Research into embedded AI, or TinyML, shows that it is possible to design tools with very low energy consumption. These solutions make it possible, for example, to monitor soil moisture, air quality or public lighting without heavy infrastructure. Models such as DeepSeek, designed to run on modest hardware, pave the way for innovation that does not depend on privileged access to computing power. This augmented low-tech approach embodies the convergence between sober engineering and environmental ethics. At the same time, cooperative governance is becoming an essential requirement. The Mastodon social network and cooperative platforms such as Mobicoop illustrate the possibility of decentralised and democratic digital technology. Applied to AI, this logic would result in platforms where citizens collectively decide how their data is used. Initiatives such as La Coop des Communs and the Frugal Digital collective in Europe are exploring these models: polycentric governance, citizen involvement, open documentation, and popular education in digital culture. These are all laboratories for what could be called civic intelligence.
Shifting towards useful AI: a political and cultural choice
Building useful AI is not a utopian dream, but a political choice. It involves shifting from a model of algorithmic growth to a culture of care and moderation. This shift is based on three principles: radical energy efficiency to reduce the material impact of digital technology; polycentric governance to distribute decision-making power; and open co-design to make algorithms auditable and modifiable. As Hélène Tordjman points out, technology is not destiny: it is a social project. In the same way that Ostrom showed that a commons is maintained through deliberation and shared responsibility, AI can only become sustainable if it is backed by living democratic institutions.
Political frameworks are beginning to emerge: the European AI Regulation (AI Act) imposes criteria of transparency, security and proportionality. But its implementation must be accompanied by a genuine public debate: who defines high-risk uses? What safeguards are needed for automated surveillance? Finally, algorithmic justice must complement ecological justice: auditing biases, ensuring accountability, protecting click workers and communities affected by resource extraction.
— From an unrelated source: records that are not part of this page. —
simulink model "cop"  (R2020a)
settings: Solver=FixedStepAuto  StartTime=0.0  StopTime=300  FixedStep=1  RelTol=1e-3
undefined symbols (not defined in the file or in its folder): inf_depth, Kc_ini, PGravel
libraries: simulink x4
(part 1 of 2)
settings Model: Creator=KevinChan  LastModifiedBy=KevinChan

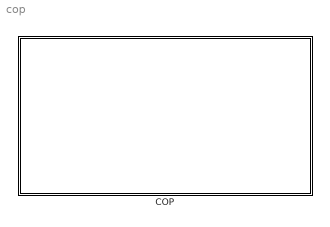
== system cop ==
  COP : Subsystem

== system cop/COP ==
  Climate Model : Subsystem
  Display : Display
  Economic Model : Subsystem
  Gain : Gain  Gain=0.001
  Gain1 : Gain  Gain=0.001
  Integrator : Integrator
  Optimal Irrigation Calculation : Subsystem
  Plant Model : Subsystem
  Scope : Scope  NumInputPorts=2
  Scope1 : Scope
  Soil Model : Subsystem
  Subtract : Sum  Inputs=++-
  VWC : Delay  DelayLength=1  InitialConditionSource=Input port  InitialCondition=0
      settings: InputPortMap=u0,p4
  initial vwc : Constant  Value=0.3
  tag scope: I=global, VWC=global
  wires:
  initial vwc/1 -> VWC/2
  Subtract/1 -> VWC/1, [VWC]
  VWC/1 -> Scope1/1, Subtract/1
  [I] -> Scope/1, Gain1/1
  [WL] -> Scope/2, Gain/1
  Gain/1 -> Subtract/3
  Gain1/1 -> Subtract/2
  Optimal Irrigation Calculation/1(Out1) -> Integrator/1, [I]
  Integrator/1 -> Display/1

== system cop/COP/Climate Model ==
  " Final Calculation for Data" : Subsystem
  " Historic Data" : Subsystem
  AI Forecast Prediction : Subsystem
  General Climate Database : Subsystem  mask{lcation=Palo Alto, Parameter7=No, LatDeg=37, LatMin=28, Altitude=9.1, WindH=2}
      mask prompts: lcation "Select Location"; Parameter7 "More specific Latitude?"; LatDeg "Latitude Degree"; LatMin "Latitude Minute"; Altitude "Altitude above Sea Level [m]"; WindH "Height of measurement above ground surface [m]"
      mask TypeOptions lcation: Palo Alto
      mask TypeOptions Parameter7: Yes | No
      mask DialogControl ParameterGroupVar Prompt: Location
      mask DialogControl Container4 Prompt: If yes, please fill out the following:
      mask DialogControl Container3 Prompt: Wind Measurement (Enter 2 if it uses COP AI Prediction)

== system cop/COP/Economic Model ==

== system cop/COP/Optimal Irrigation Calculation ==
  Constant : Constant  Value=0
  Constant1 : Constant  Value=0
  Display : Display
  Gain : Gain  Gain=0.001
  Gain1 : Gain  Gain=1000
  Math Function : Math  Operator=mod  SaturateOnIntegerOverflow=on
  MinMax : MinMax  Function=max  Inputs=2
  Subtract : Sum  Inputs=++-+
  Switch : Switch  Criteria=u2 ~= 0
  Water Runoff Adjustment : Constant  Value=0
  Out1 : Outport
  wires:
  [qFC] -> Display/1, Subtract/1
  [WL] -> Gain/1
  MinMax/1 -> Gain1/1
  Constant/1 -> MinMax/2
  [VWC] -> Subtract/3
  Subtract/1 -> MinMax/1
  Water Runoff Adjustment/1 -> Subtract/4
  Gain/1 -> Subtract/2
  [DafterPD] -> Math Function/1
  [interval_irr] -> Math Function/2
  Math Function/1 -> Switch/2
  Switch/1 -> Out1/1
  Gain1/1 -> Switch/3
  Constant1/1 -> Switch/1

== system cop/COP/Plant Model ==
  General Plant Database : Subsystem  mask{CropType=Maize (Sweet Corn), PD_Year=2021, PD_Month=2, PD_Day=28, interval_irr_choice=7 days, Parameter18=No, Lini=20, Ldev=40, Lmid=70, Llate=10, Kc_choice=Dual Crop Coefficient, Kc_mid=1.15, Kc_end=1.05, MaxCropH=1.5, Kcb_ini=0.15, Kcb_mid=1.10, Kcb_end=1.00, Zr=1.0}
      mask prompts: CropType "Crop Type"; PD_Year "Year"; PD_Month "Month"; PD_Day "Day"; interval_irr_choice "Interval of Irrigation (0 if unkwon)"; Parameter18 "More specific inputs?"; Lini "Initial Stage"; Ldev "Devloping Stage"; Lmid "Mid-season Stage"; Llate "Late Season Stage"; Kc_choice "Single or Dual Crop Coefficients"; Kc_mid "Enter Kc mid from the Table"; Kc_end "Enter Kc end from the Table"; MaxCropH "Enter Maximum Crop Height (h) (m) from the Table"; Kcb_ini "Enter Kcb ini from the Table"; Kcb_mid "Enter Kcb mid from the Table"; Kcb_end "Enter Kcb end from the Table"; Zr "Enter Zr from the Table"
      mask init:
      | interval_irr = 1;
      | if interval_irr_choice == 1
      |     interval_irr = 1;
      | elseif interval_irr_choice == 2
      |     interval_irr = 2;
      | elseif interval_irr_choice == 3
      |     interval_irr = 4;
      | elseif interval_irr_choice == 4
      |     interval_irr = 7;
      | elseif interval_irr_choice == 5
      |     interval_irr = 10;
      | elseif interval_irr_choice == 6
      |     interval_irr = 20;
      | end
      mask TypeOptions CropType: Maize (Sweet Corn)
      mask TypeOptions interval_irr_choice: 1 day | 2 days | 4 days | 7 days | 10 days | 20 days
      mask TypeOptions Parameter18: Yes | No
      mask TypeOptions Kc_choice: Single Crop Coefficient | Dual Crop Coefficient
      mask DialogControl ParameterGroupVar Prompt: General
      mask DialogControl Control2 Prompt: Plant Date:
      mask DialogControl Control12 Prompt: If yes, please fill out the following:
      mask DialogControl Container3 Prompt: Lengths of Crop Develop Stages
      mask DialogControl Control3 Prompt: Find the values in the following link with corresponding crop type and closest plant date:
      mask DialogControl Control4 Prompt: http://www.fao.org/3/x0490e/x0490e0b.htm#length%20of%20growth%20stages
      mask DialogControl Container4 Prompt: Single Crop Coefficients
      mask DialogControl Control5 Prompt: Find the values for your corresponding crop in the following table:
      mask DialogControl Control6 Prompt: http://www.fao.org/3/x0490e/x0490e0b.htm#tabulated%20kc%20values
      mask DialogControl Container5 Prompt: Dual Crop Coefficents
      mask DialogControl Control7 Prompt: Find the values for your corresponding crop in the following table:
      mask DialogControl Control8 Prompt: http://www.fao.org/3/x0490e/x0490e0c.htm#basal%20crop%20coefficient%20(kcb)
      mask DialogControl Container6 Prompt: Effective Rooting Depth
      mask DialogControl Control10 Prompt: Find the values for your corresponding crop in the following table:
      mask DialogControl Control9 Prompt: http://www.fao.org/3/x0490e/x0490e0e.htm#soil%20water%20availability
  Plant Data Calculation : Subsystem

== system cop/COP/Soil Model ==
  Add : Sum
  Constant : Constant
  Crop Evapotranspiration (ETc) [mm/day] : Product
  Display : Display
  Dual Crop Coefficient (Kcb + Ke) : Subsystem
  Evaporation (ETe) [mm/day] : Product
  General Soil Database : Subsystem  mask{PSand=0.489, PClay=0.170, PSilt=0.341, POM=0.05, fw_choice=Precipitation (fw = 1.0), fw_measured=1, SM_choice=Estimated Soil Moisture Value, qFC_measured=0, qWP_measured=0, Ze_choice=Estimated, Ze_measured=0}
      mask prompts: PSand "Percentage of Sand"; PClay "Percentage of Clay"; PSilt "Percentage of Silt"; POM "Percentage of Organic Matter (0.03-0.06 if unkown)"; fw_choice "Please select the following method (average fw of that method)"; fw_measured "If you selected others or specific fw, please enter your fw value"; SM_choice "Estimated or measured?"; qFC_measured "Field Capacity Soil Moisture (% Volume in m)"; qWP_measured "Wiliting Point Soil Moisture (% Volume in m)"; Ze_choice "Ze estimated or measured?"; Ze_measured "Enter Ze measured if selected"
      mask init:
      | fw = 1
      | if fw_choice == 5
      |     fw = 0.8
      | elseif fw_choice == 6
      |     fw = 0.5
      | elseif fw_choice == 7
      |     fw = 0.4
      | elseif fw_choice == 8
      |     fw = fw_measured
      | end
      mask TypeOptions fw_choice: Precipitation (fw = 1.0) | Sprinkler Irrigation (fw = 1.0) | Basin Irrigation (fw = 1.0) | Border Irrigation (fw = 1.0) | Furrow irrigation (every furrow), narrow bed (fw = 0.6 ... 1.0) | Furrow irrigation (every furrow), wide bed (fw = 0.4 ... 0.6) | Furrow irrigation (alternated furrows) (fw = 0.3 ... 0.5) | Trickle irrigation (fw = 0.3 ... 0.4) | Others or specific fw
      mask TypeOptions SM_choice: Estimated Soil Moisture Value | Measured Soil Moisture Value
      mask TypeOptions Ze_choice: Estimated | Measured
      mask DialogControl ParameterGroupVar Prompt: Percentage of Soil Content (add up to 1)
      mask DialogControl Container7 Prompt: Weight Percentage of Organic Matter
      mask DialogControl Container6 Prompt: Fraction of soil surface wetted by irrigation or precipitation
      mask DialogControl Container3 Prompt: Soil Moisture Data (more accurate if measured)
      mask DialogControl Control3 Prompt: Fill the following if you selected measured
      mask DialogControl Container8 Prompt: Ze depth of the surface soil layer that is subject to drying by way of evaporation [0.10-0.15m]
  Index Vector : MultiPortSwitch  Inputs=2
  Product : Product
  Reference Evapotraspiration (ET0) [mm/day] : Subsystem
  Scope1 : Scope
  Single Crop Coefficient (Kc) : Subsystem
  Soil Data Calculation : Subsystem
  tag scope: E=global, ET0=global, WL=global
  wires:
  Reference Evapotraspiration (ET0) [mm/day]/1(ET0) -> Evaporation (ETe) [mm/day]/1, Crop Evapotranspiration (ETc) [mm/day]/1, [ET0], Display/1
  Single Crop Coefficient (Kc)/1(Out1) -> Index Vector/2
  Index Vector/1 -> Crop Evapotranspiration (ETc) [mm/day]/2
  Dual Crop Coefficient (Kcb + Ke)/2(Ke) -> Evaporation (ETe) [mm/day]/2, Add/2
  Add/1 -> Index Vector/3
  Evaporation (ETe) [mm/day]/1 -> [E]
  [Kc_choice] -> Index Vector/1
  Dual Crop Coefficient (Kcb + Ke)/1(Kcb) -> Scope1/1, Add/1
  Product/1 -> [WL]
  Constant/1 -> Product/2
  Crop Evapotranspiration (ETc) [mm/day]/1 -> Product/1

== system cop/COP/Climate Model/ Final Calculation for Data ==
  Atmospheric Pressure [kPa] : Subsystem
  Daily Temperature [°C] : Subsystem
  Goto12 : Goto  Commented=on  GotoTag=Tpast  TagVisibility=global
  Goto13 : Goto  Commented=on  GotoTag=Tpast_t  TagVisibility=global
  Humidity : Subsystem
  Net Radiation at the Crop Surface (Rn) [MJ/m^2/day] : Subsystem
  Precipitation [mm/day] : Subsystem
  Wind Speed : Subsystem
  tag scope: AP=global, P=global, RHmax=global, RHmean=global, RHmin=global, Rn=global, Tdew=global, Tdry=global, Tmax=global, Tmean=global, Tmin=global, Twet=global, u2=global
  wires:
  Daily Temperature [°C]/1(Tmax) -> [Tmax]
  Daily Temperature [°C]/2(Tmin) -> [Tmin]
  Daily Temperature [°C]/3(Tmean) -> [Tmean]
  Net Radiation at the Crop Surface (Rn) [MJ/m^2/day]/1(Rn) -> [Rn]
  Wind Speed/1(Out1) -> [u2]
  Atmospheric Pressure [kPa]/1(P) -> [AP]
  Daily Temperature [°C]/4(Tdew) -> [Tdew]
  Daily Temperature [°C]/5(Tdry) -> [Tdry]
  Daily Temperature [°C]/6(Twet) -> [Twet]
  Humidity/1(RHmax) -> [RHmax]
  Humidity/3(RHmean) -> [RHmean]
  Humidity/2(RHmin) -> [RHmin]
  Daily Temperature [°C]/7(Tpast) -> Goto12/1
  Daily Temperature [°C]/8(Tpast_time) -> Goto13/1
  Precipitation [mm/day]/1(P) -> [P]

== system cop/COP/Climate Model/ Historic Data ==
  Humidity : Subsystem
  Precipitation : Subsystem
  Solar Radiation : Subsystem
  Temperature [°C] : Subsystem
  "Wind Speed " : Subsystem

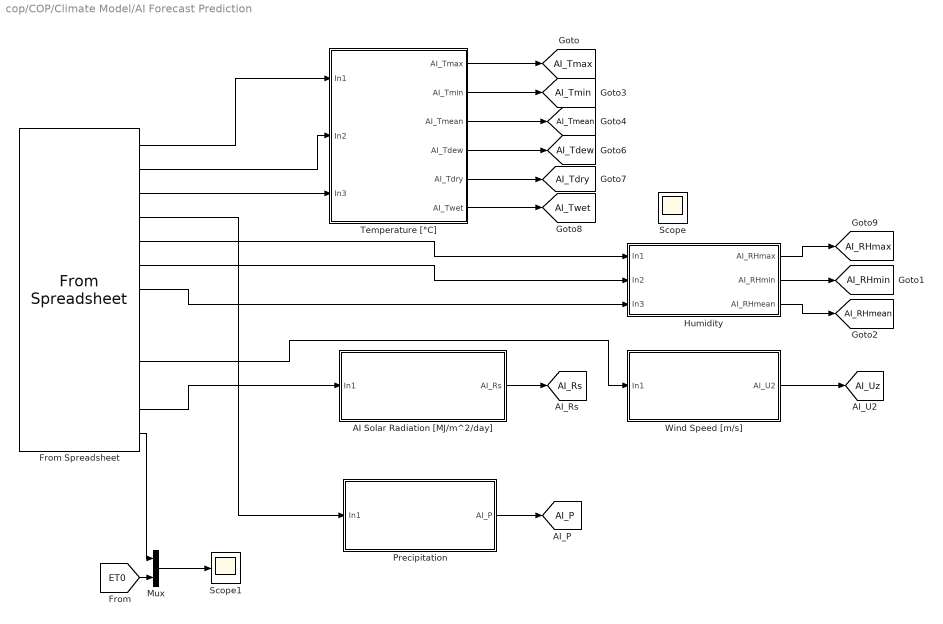
== system cop/COP/Climate Model/AI Forecast Prediction ==
  AI Solar Radiation [MJ/m^2/day] : Subsystem
  From Spreadsheet : FromSpreadsheet  FileName=paloalto3.2020.xlsx  Range=B11:N376  TreatFirstColumnAs=Data  SampleTime=[0,1]
  Humidity : Subsystem
  Mux : Mux  Inputs=2
  Precipitation : Subsystem
  Scope : Scope
  Scope1 : Scope
  Temperature [°C] : Subsystem
  Wind Speed [m/s] : Subsystem
  tag scope: AI_P=global, AI_RHmax=global, AI_RHmean=global, AI_RHmin=global, AI_Rs=global, AI_Tdew=global, AI_Tdry=global, AI_Tmax=global, AI_Tmean=global, AI_Tmin=global, AI_Twet=global, AI_Uz=global
  wires:
  AI Solar Radiation [MJ/m^2/day]/1(AI_Rs) -> [AI_Rs]
  Wind Speed [m/s]/1(AI_U2) -> [AI_Uz]
  Precipitation/1(AI_P) -> [AI_P]
  Humidity/1(AI_RHmax) -> [AI_RHmax]
  Humidity/2(AI_RHmin) -> [AI_RHmin]
  Humidity/3(AI_RHmean) -> [AI_RHmean]
  Temperature [°C]/1(AI_Tmax) -> [AI_Tmax]
  Temperature [°C]/2(AI_Tmin) -> [AI_Tmin]
  Temperature [°C]/3(AI_Tmean) -> [AI_Tmean]
  Temperature [°C]/4(AI_Tdew) -> [AI_Tdew]
  Temperature [°C]/5(AI_Tdry) -> [AI_Tdry]
  Temperature [°C]/6(AI_Twet) -> [AI_Twet]
  [ET0] -> Mux/2
  Mux/1 -> Scope1/1
  From Spreadsheet/1 -> Temperature [°C]/1(In1)
  From Spreadsheet/2 -> Temperature [°C]/2(In2)
  From Spreadsheet/3 -> Temperature [°C]/3(In3)
  From Spreadsheet/13 -> Mux/1
  From Spreadsheet/4 -> Precipitation/1(In1)
  From Spreadsheet/5 -> Humidity/1(In1)
  From Spreadsheet/6 -> Humidity/2(In2)
  From Spreadsheet/7 -> Humidity/3(In3)
  From Spreadsheet/10 -> Wind Speed [m/s]/1(In1)
  From Spreadsheet/12 -> AI Solar Radiation [MJ/m^2/day]/1(In1)

== system cop/COP/Climate Model/General Climate Database ==
  Altitude : Constant  Value=Altitude
  LatDeg : Constant  Value=LatDeg
  LatMin : Constant  Value=LatMin
  WindH : Constant  Value=WindH
  tag scope: Altitude=global, LatDeg=global, LatMin=global, WindH=global
  wires:
  Altitude/1 -> [Altitude]
  LatDeg/1 -> [LatDeg]
  LatMin/1 -> [LatMin]
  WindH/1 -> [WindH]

Useful AI is not the most powerful or spectacular: it is the kind that reinforces human dignity and the sustainability of life. It does not seek to replace, but to connect. It does not promise omnipotence, but the collective ability to inhabit the world with moderation. Between the illusion of infinite progress and the temptation of total rejection, there is a demanding but fruitful path: that of digital technology governed as a common good, sober in its means and ambitious in its ends. Rewriting the code for a habitable world begins here: in the way we choose to design, share and limit our technologies. This is why the socio-ecology of digital governance is not a matter of additional ethics, but of cultural renewal. At a time when AI is everywhere, it is not just a question of innovating, but of learning to think together about technology, justice and life. Perhaps this, finally, is the most useful form of intelligence.